Merve Yoldas Celik Ege University Faculty of Medicine, Department of Pediatrics, Division of Pediatric Metabolism and Nutrition, Izmir, Türkiye https://orcid.org/0000-0003-0015-9807
Havva Yazıcı Ege University Faculty of Medicine, Department of Pediatrics, Division of Pediatric Metabolism and Nutrition, Izmir, Türkiye https://orcid.org/0000-0002-2564-7420
Fehime Erdem Ege University Faculty of Medicine, Department of Pediatrics, Division of Pediatric Metabolism and Nutrition, Izmir, Türkiye https://orcid.org/0000-0002-5597-9290
Ebru Canda Ege University Faculty of Medicine, Department of Pediatrics, Division of Pediatric Metabolism and Nutrition, Izmir, Türkiye https://orcid.org/0000-0002-9175-1998
Banu Sarsik Kumbaraci Ege University Faculty of Medicine, Department of Pathology, Izmir, Türkiye https://orcid.org/0000-0003-4775-3942
Ipek Kaplan Bulut Ege University Faculty of Medicine, Department of Pediatrics, Division of Pediatric Nephrology, Izmir, Türkiye https://orcid.org/0000-0001-5430-3136
Sema Kalkan Ucar Ege University Faculty of Medicine, Department of Pediatrics, Division of Pediatric Metabolism and Nutrition, Izmir, Türkiye https://orcid.org/0000-0001-9574-7841
Süleyman Caner Kabasakal Ege University Faculty of Medicine, Department of Pediatrics, Division of Pediatric Nephrology, Izmir, Türkiye https://orcid.org/0000-0001-8745-7238
Mahmut Çoker Ege University Faculty of Medicine, Department of Pediatrics, Division of Pediatric Metabolism and Nutrition, Izmir, Türkiye https://orcid.org/0000-0002-6308-6804

DOI:

https://doi.org/10.51271/jpea-2022-192

Keywords:

nephrotic syndrome

Abstract

Introduction: Glycogen storage disorder (GSD) IXb is characterized by liver and muscle involvement. We present a GSD IXb patient with an incidental union of nephrotic syndrome.

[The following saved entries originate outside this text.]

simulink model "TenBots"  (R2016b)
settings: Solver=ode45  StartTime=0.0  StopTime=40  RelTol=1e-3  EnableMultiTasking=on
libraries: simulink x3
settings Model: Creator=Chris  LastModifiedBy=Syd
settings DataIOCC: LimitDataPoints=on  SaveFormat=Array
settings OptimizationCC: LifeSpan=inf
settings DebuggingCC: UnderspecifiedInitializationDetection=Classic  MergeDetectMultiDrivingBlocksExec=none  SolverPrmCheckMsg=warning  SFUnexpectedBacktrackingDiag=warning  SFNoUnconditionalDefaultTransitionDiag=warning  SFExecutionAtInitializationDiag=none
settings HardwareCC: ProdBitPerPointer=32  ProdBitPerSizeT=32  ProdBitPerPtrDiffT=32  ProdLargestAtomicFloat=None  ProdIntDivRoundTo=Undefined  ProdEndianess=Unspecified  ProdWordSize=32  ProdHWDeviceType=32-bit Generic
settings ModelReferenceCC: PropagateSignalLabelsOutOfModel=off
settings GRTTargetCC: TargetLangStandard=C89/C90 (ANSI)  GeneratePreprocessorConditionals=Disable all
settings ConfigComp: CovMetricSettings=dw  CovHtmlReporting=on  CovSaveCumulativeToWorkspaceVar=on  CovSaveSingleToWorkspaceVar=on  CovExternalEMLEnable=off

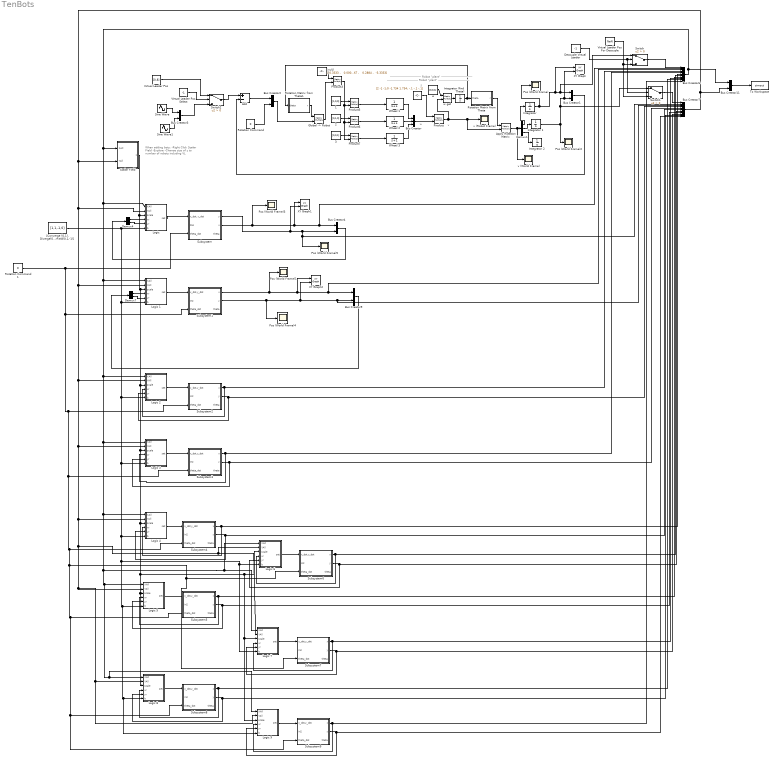
== system TenBots ==
  note: When adding bots:
      | -Right Click Scalar Field
      | -Explore
      | -Change size of z to number of robots including VL
  note: ------------------------------- Robot "plant" -------------------------------
  note: v
  note: w
  note: ------------------------------- Robot "plant" -------------------------------
  1 : Constant  Value=[1,0,0]  VectorParams1D=off
  2 : Constant  Value=[0,1,0]  VectorParams1D=off
  3 : Constant  Value=[0,0,1]  VectorParams1D=off
  Add : Sum  Inputs=+-
  Apply Rotation Matrix : Product  Multiplication=Matrix(*)
  Bus Creator : BusCreator  Inputs=3
  Bus Creator{1..4,9,11} (6 alike) : BusCreator  Inputs=2
  Bus Creator6 : BusCreator  Inputs=11
  Bus Creator7 : BusCreator  Inputs=11
  Decouple Virtual Leader : Constant  Value=-1
  Demux1 : Demux  Outputs=3
  Demux4 : Demux  Outputs=2
  Demux7 : Demux  Outputs=2
  "Global -> Robot" : Product  Multiplication=Matrix(*)
  "Integrator " : Integrator
  Integrator (find Theta) : Integrator
  Integrator 1 : Integrator
  Integrator 2 : Integrator  InitialCondition=1
  J : Constant  Value=[2 -1 -1;0 -1.734 1.734; -.1 -.1 -.1]
  "Logic " : MATLAB Function  TreatAsAtomicUnit=on
  Logic 1 : MATLAB Function  TreatAsAtomicUnit=on
  Logic 2 : MATLAB Function  TreatAsAtomicUnit=on
  Logic 3 : MATLAB Function  TreatAsAtomicUnit=on
  Logic 4 : MATLAB Function  TreatAsAtomicUnit=on
  Logic 5 : MATLAB Function  TreatAsAtomicUnit=on
  Logic 6 : MATLAB Function  TreatAsAtomicUnit=on
  Logic 7 : MATLAB Function  TreatAsAtomicUnit=on
  Logic 8 : MATLAB Function  TreatAsAtomicUnit=on
  Logic 9 : MATLAB Function  TreatAsAtomicUnit=on
  Pos (World Frame){,1..5} (6 alike) : Scope
  Product{,3,5..7} (5 alike) : Product  Multiplication=Matrix(*)
  Rotation Command : Constant  Value=0
  Rotation Command 1 : Constant  Value=0
  Rotation Matrix from Theta : MATLAB Function  TreatAsAtomicUnit=on
  Rotation Matrix from Theta1 : MATLAB Function  TreatAsAtomicUnit=on
  Scalar Field : MATLAB Function  TreatAsAtomicUnit=on
  Sine Wave : Sin  Amplitude=4  SampleTime=0
  Sine Wave1 : Sin  Phase=pi/2  SampleTime=0
  Subsystem : Subsystem
  Subsystem1 : Subsystem
  Subsystem2 : Subsystem
  Subsystem3 : Subsystem
  Subsystem4 : Subsystem
  Subsystem5 : Subsystem
  Subsystem6 : Subsystem
  Subsystem7 : Subsystem
  Subsystem8 : Subsystem
  Subsystem9 : Subsystem
  Switch : Switch  Criteria=u2 > Threshold
  Switch1 : Switch  Criteria=u2 > Threshold
  Switch2 : Switch  Criteria=u2 > Threshold
  To Workspace : ToWorkspace  VariableName=simout  SampleTime=-1
  VIrtual Leader Pos Select : Constant  Value=-1
  Virtual Leader Pos : Constant  Value=[0,8]
  Virtual Leader Pos For Decouple : Constant  Value=NaN
  Wheel 1 : TransferFcn  Denominator=[1 1]
  Wheel 2 : TransferFcn  Denominator=[1 1]
  Wheel 3 : TransferFcn  Denominator=[1 1]  ContinuousStateAttributes='orientation'
  XY Graph : simulink/Sinks/XY Graph  xmin=-1  xmax=3  ymin=-1  ymax=11  st=.1
  XY Graph1 : simulink/Sinks/XY Graph  xmin=-1  xmax=3  ymin=-1  ymax=10  st=.1
  XY Graph2 : simulink/Sinks/XY Graph  xmin=-1  xmax=3  ymin=-1  ymax=10  st=.1
  "[Converge (0,1), Diverge(0,1), Orbit(0,1,-1), ScalarField(0,1,-1)]" : Constant  Value=[1,1,-1,0]
  inv(J) : Constant  Value=|
      | [ 0.3333 ,   0.0000 ,  -3.3333
      |  ;  -0.1667  , -0.2884  , -3.3333
      |  ;  -0.1667 ,   0.2884 ,  -3.3333]
  v (Robot Frame) : Scope
  v (World Frame) : Scope
  w : Constant  Value=[0,0,1]  VectorParams1D=off
  w get : Product  Multiplication=Matrix(*)
  wires:
  Wheel 1/1 -> Bus Creator/1
  Wheel 3/1 -> Bus Creator/3
  J/1 -> Product/1
  Product/1 -> Apply Rotation Matrix/2, v (Robot Frame)/1, w get/2
  Product5/1 -> Wheel 1/1
  Product6/1 -> Wheel 2/1
  Product7/1 -> Wheel 3/1
  w get/1 -> Integrator (find Theta)/1
  Rotation Matrix from Theta/1(r) -> Apply Rotation Matrix/1
  Apply Rotation Matrix/1 -> Demux1/1, v (World Frame)/1
  inv(J)/1 -> Product3/1
  w/1 -> w get/1
  1/1 -> Product5/1
  Product3/1 -> Product6/2, Product7/2, Product5/2
  3/1 -> Product7/1
  2/1 -> Product6/1
  "Global -> Robot"/1 -> Product3/2
  Integrator (find Theta)/1 -> Rotation Matrix from Theta1/1(theta), Rotation Matrix from Theta/1(theta)
  Rotation Matrix from Theta1/1(r) -> "Global -> Robot"/1
  Bus Creator2/1 -> "Global -> Robot"/2
  Bus Creator/1 -> Product/2
  Wheel 2/1 -> Bus Creator/2
  Virtual Leader Pos/1 -> Switch2/1
  Integrator 1/1 -> Switch1/1, XY Graph/2, Bus Creator1/2, Pos (World Frame)2/1
  "Integrator "/1 -> XY Graph/1, Switch/1, Bus Creator1/1, Pos (World Frame)/1
  Bus Creator1/1 -> Add/2
  Add/1 -> Bus Creator2/1
  Demux1/1 -> "Integrator "/1
  Demux1/2 -> Integrator 1/1
  Demux1/3 -> Integrator 2/1
  Rotation Command/1 -> Bus Creator2/2
  Bus Creator4/1 -> Demux4/1
  Demux4/1 -> "Logic "/4(xr)
  Demux4/2 -> "Logic "/5(yr)
  Bus Creator9/1 -> Demux7/1
  Demux7/1 -> Logic 1/4(xr)
  Demux7/2 -> Logic 1/5(yr)
  Bus Creator11/1 -> To Workspace/1
  Subsystem/1(y) -> Bus Creator7/2, Pos (World Frame)5/1, Bus Creator4/2, XY Graph1/2
  Subsystem/2(x) -> Pos (World Frame)3/1, Bus Creator4/1, Bus Creator6/2, XY Graph1/1
  "Logic "/1(set) -> Subsystem/1("x_dot, y_dot")
  Subsystem1/1(x) -> Bus Creator9/1, Bus Creator6/3, XY Graph2/1, Pos (World Frame)1/1
  Subsystem1/2(y) -> Pos (World Frame)4/1, Bus Creator7/3, Bus Creator9/2, XY Graph2/2
  Logic 1/1(set) -> Subsystem1/1(x_dot,y_dot)
  Logic 2/1(set) -> Subsystem2/1(x_dot,y_dot)
  Subsystem2/1(x) -> Bus Creator6/4, Logic 2/4(xr)
  Subsystem2/2(y) -> Bus Creator7/4, Logic 2/5(yr)
  Logic 3/1(set) -> Subsystem3/1(x_dot,y_dot)
  Subsystem3/1(x) -> Logic 3/4(xr), Bus Creator6/5
  Subsystem3/2(y) -> Bus Creator7/5, Logic 3/5(yr)
  Switch/1 -> Bus Creator6/1
  Switch1/1 -> Bus Creator7/1
  Decouple Virtual Leader/1 -> Switch1/2, Switch/2
  Virtual Leader Pos For Decouple/1 -> Switch1/3, Switch/3
  Logic 4/1(set) -> Subsystem4/1(x_dot,y_dot)
  Subsystem4/1(x) -> Bus Creator6/6, Logic 4/4(xr)
  Subsystem4/2(y) -> Bus Creator7/6, Logic 4/5(yr)
  Logic 5/1(set) -> Subsystem5/1(x_dot,y_dot)
  Subsystem5/1(x) -> Bus Creator6/8, Logic 5/4(xr)
  Subsystem5/2(y) -> Bus Creator7/8, Logic 5/5(yr)
  Logic 6/1(set) -> Subsystem6/1(x_dot,y_dot)
  Subsystem6/1(x) -> Bus Creator6/7, Logic 6/4(xr)
  Subsystem6/2(y) -> Bus Creator7/7, Logic 6/5(yr)
  Logic 7/1(set) -> Subsystem7/1(x_dot,y_dot)
  Subsystem7/1(x) -> Bus Creator6/9, Logic 7/4(xr)
  Subsystem7/2(y) -> Bus Creator7/9, Logic 7/5(yr)
  Logic 8/1(set) -> Subsystem8/1(x_dot,y_dot)
  Subsystem8/1(x) -> Bus Creator6/10, Logic 8/4(xr)
  Subsystem8/2(y) -> Bus Creator7/10, Logic 8/5(yr)
  Bus Creator6/1 -> Bus Creator11/1, "Logic "/1(XAll), Logic 7/1(XAll), Logic 6/1(XAll), Logic 9/1(XAll), Logic 8/1(XAll), Logic 5/1(XAll), Logic 4/1(XAll), Logic 3/1(XAll), Logic 2/1(XAll), Logic 1/1(XAll), Scalar Field/1(XAll)
  Bus Creator7/1 -> Bus Creator11/2, "Logic "/2(YAll), Logic 7/2(YAll), Logic 6/2(YAll), Logic 9/2(YAll), Logic 8/2(YAll), Logic 5/2(YAll), Logic 4/2(YAll), Logic 3/2(YAll), Logic 2/2(YAll), Logic 1/2(YAll), Scalar Field/2(YAll)
  "[Converge (0,1), Diverge(0,1), Orbit(0,1,-1), ScalarField(0,1,-1)]"/1 -> "Logic "/6(b), Logic 2/6(b), Logic 7/6(b), Logic 6/6(b), Logic 9/6(b), Logic 8/6(b), Logic 5/6(b), Logic 4/6(b), Logic 3/6(b), Logic 1/6(b)
  Scalar Field/1(z) -> "Logic "/3(scale), Logic 9/3(scale), Logic 7/3(scale), Logic 6/3(scale), Logic 8/3(scale), Logic 5/3(scale), Logic 4/3(scale), Logic 3/3(scale), Logic 2/3(scale), Logic 1/3(scale)
  Logic 9/1(set) -> Subsystem9/1(x_dot,y_dot)
  Rotation Command 1/1 -> Subsystem7/3(theta_dot), Subsystem6/3(theta_dot), Subsystem9/3(theta_dot), Subsystem8/3(theta_dot), Subsystem5/3(theta_dot), Subsystem4/3(theta_dot), Subsystem3/3(theta_dot), Subsystem2/3(theta_dot), Subsystem1/3(theta_dot), Subsystem/3(theta_dot)
  Subsystem9/1(x) -> Bus Creator6/11, Logic 9/4(xr)
  Subsystem9/2(y) -> Bus Creator7/11, Logic 9/5(yr)
  Sine Wave/1 -> Bus Creator3/1
  Sine Wave1/1 -> Bus Creator3/2
  Switch2/1 -> Add/1
  Bus Creator3/1 -> Switch2/3
  VIrtual Leader Pos Select/1 -> Switch2/2

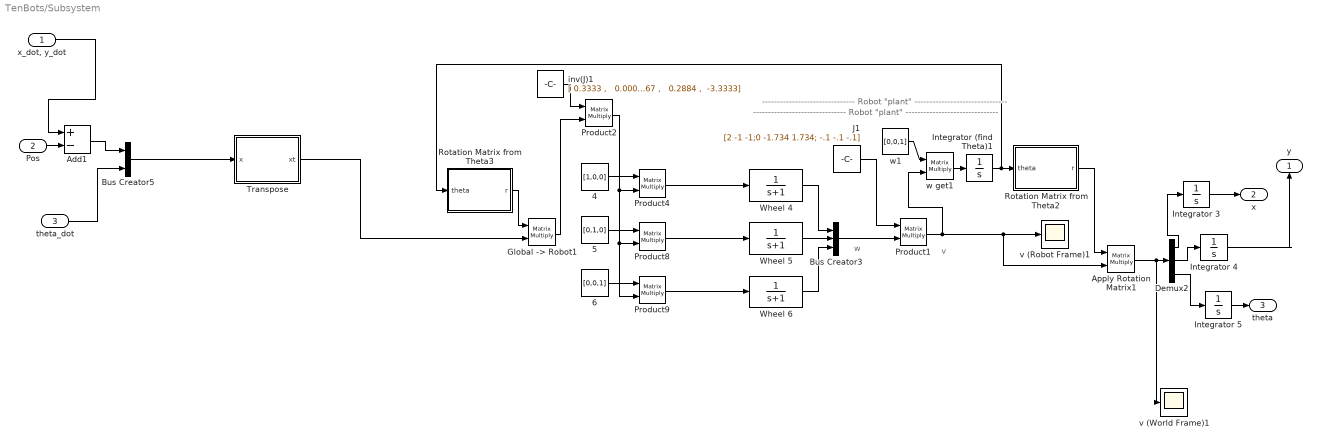
== system TenBots/Subsystem ==
  note: ------------------------------- Robot "plant" -------------------------------
  note: v
  note: w
  note: ------------------------------- Robot "plant" -------------------------------
  "x_dot, y_dot" : Inport
  Pos : Inport  Port=2
  theta_dot : Inport  Port=3
  4 : Constant  Value=[1,0,0]  VectorParams1D=off
  5 : Constant  Value=[0,1,0]  VectorParams1D=off
  6 : Constant  Value=[0,0,1]  VectorParams1D=off
  Add1 : Sum  Inputs=+-
  Apply Rotation Matrix1 : Product  Multiplication=Matrix(*)
  Bus Creator3 : BusCreator  Inputs=3
  Bus Creator5 : BusCreator  Inputs=2
  Demux2 : Demux  Outputs=3
  "Global -> Robot1" : Product  Multiplication=Matrix(*)
  Integrator (find Theta)1 : Integrator
  Integrator 3 : Integrator  InitialCondition=1
  Integrator 4 : Integrator  InitialCondition=1
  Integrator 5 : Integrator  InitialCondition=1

Case Report: A 4 year-old-patient was diagnosed with GSD IXb at 13 months of age with mildly elevated transaminases and hepatomegaly. During the follow-up period, there was no hypoglycemia. Development and growth were normal. In the last month, the onset of generalized edema was reported. Urinalysis showed a high protein level. He had low serum albumin, high serum triglycerides cholesterol. Complement levels were normal. The patient was diagnosed as minimal change disease with a renal biopsy. He was treated with oral prednisone.

Discussion: Minimal Change Disease is the most common cause of idiopathic nephrotic syndrome cases in children and the first step for therapy is the usage of corticosteroids. This is the first report of nephrotic syndrome associated with GSD IXb disease.